• **Your assignment**: Count, in the entries, the lines with "Inventor". Answer with the number only.

****

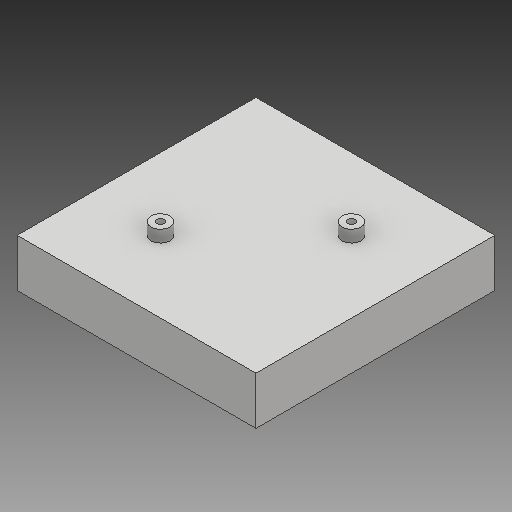
# Autodesk Inventor part: platine
Saved by Autodesk Inventor 2019 (Build 230136000, 136)
## iProperties
Created: 2018-07-23
Part Number: platine
Material: Generisch
Document SubType Name: Modeling
Designer: juliu
Density: 1 g/cm^3
Appearance: Vorgabe
Author: juliu
Autodesk Inventor part; units mm, degrees
ref_plane "YZ Plane" through (0, 0, 0) normal (1, 0, 0) x (0, 1, 0)
ref_plane "XZ Plane" through (0, 0, 0) normal (0, 1, 0) x (-1, 0, 0)
ref_plane "XY Plane" through (0, 0, 0) normal (0, 0, 1) x (1, 0, 0)
sketch "Skizze1" plane through (0, 0, 0) normal (0, 0, 1) x (1, 0, 0)
  line L0 (0, 0) -> (100, 0)
  line L1 (100, 0) -> (100, 100)
  line L2 (100, 100) -> (0, 100)
  line L3 (0, 100) -> (0, 0)
  dimension "d0" = 100
  dimension "d1" = 100
  constraints: 8 end point, 2 parallel, 1 horizontal, 1 perpendicular
  measures "d0" distance of L1.end L2.end
  measures "d1" distance of L0.end L1.end
extrude "Extrusion1" add sketch "Skizze1" along normal blind 20
sketch "Skizze2" plane through (0, 0, 20) normal (0, 0, 1) x (1, 0, 0)
  line L0 (0, 0) -> (100, 0) projected
  line L1 (0, 100) -> (0, 0) projected
  line L2 (100, 100) -> (0, 100) projected
  line L3 (100, 0) -> (100, 100) projected
  point P0 (30, 30)
  point P1 (70, 70)
  dimension "d4" = 30
  dimension "d5" = 30
  dimension "d6" = 30
  dimension "d7" = 30
  measures "d4" distance from line of L0 point (30, 30)
  measures "d5" distance from line of L1 point (30, 30)
  measures "d6" distance from line of L2 point (70, 70)
  measures "d7" distance from line of L3 point (70, 70)
hole "Bohrung1" at (30, 30, 20) at (70, 70, 20) direction (0, 0, -1) diameter 3 end through all
sketch "Skizze3" plane through (0, 0, 20) normal (0, 0, 1) x (1, 0, 0)
  circle A0 centre (30, 30) radius 1.5
  circle A1 centre (30, 30) radius 4
  circle A2 centre (30, 30) radius 1.5 projected
  point P0 (0, 0)
  dimension "d15" = 3
  dimension "d16" = 8
  constraints: 2 centre point, 1 coincident, 1 concentric
  measures "d15" diameter of A0
  measures "d16" diameter of A1
extrude "Extrusion2" add sketch "Skizze3" along normal blind 5
sketch "Skizze4" plane through (0, 0, 20) normal (0, 0, 1) x (1, 0, 0)
  circle A0 centre (70, 70) radius 4
  circle A1 centre (70, 70) radius 1.5
  circle A2 centre (70, 70) radius 1.5 projected
  circle A3 centre (70, 70) radius 1.5 projected
  point P0 (0, 0)
  dimension "d19" = 3
  dimension "d20" = 8
  constraints: 2 centre point, 1 coincident, 1 concentric
  measures "d19" diameter of A1
  measures "d20" diameter of A0
extrude "Extrusion3" add sketch "Skizze4" along normal blind 5

****

• **Task output**: 3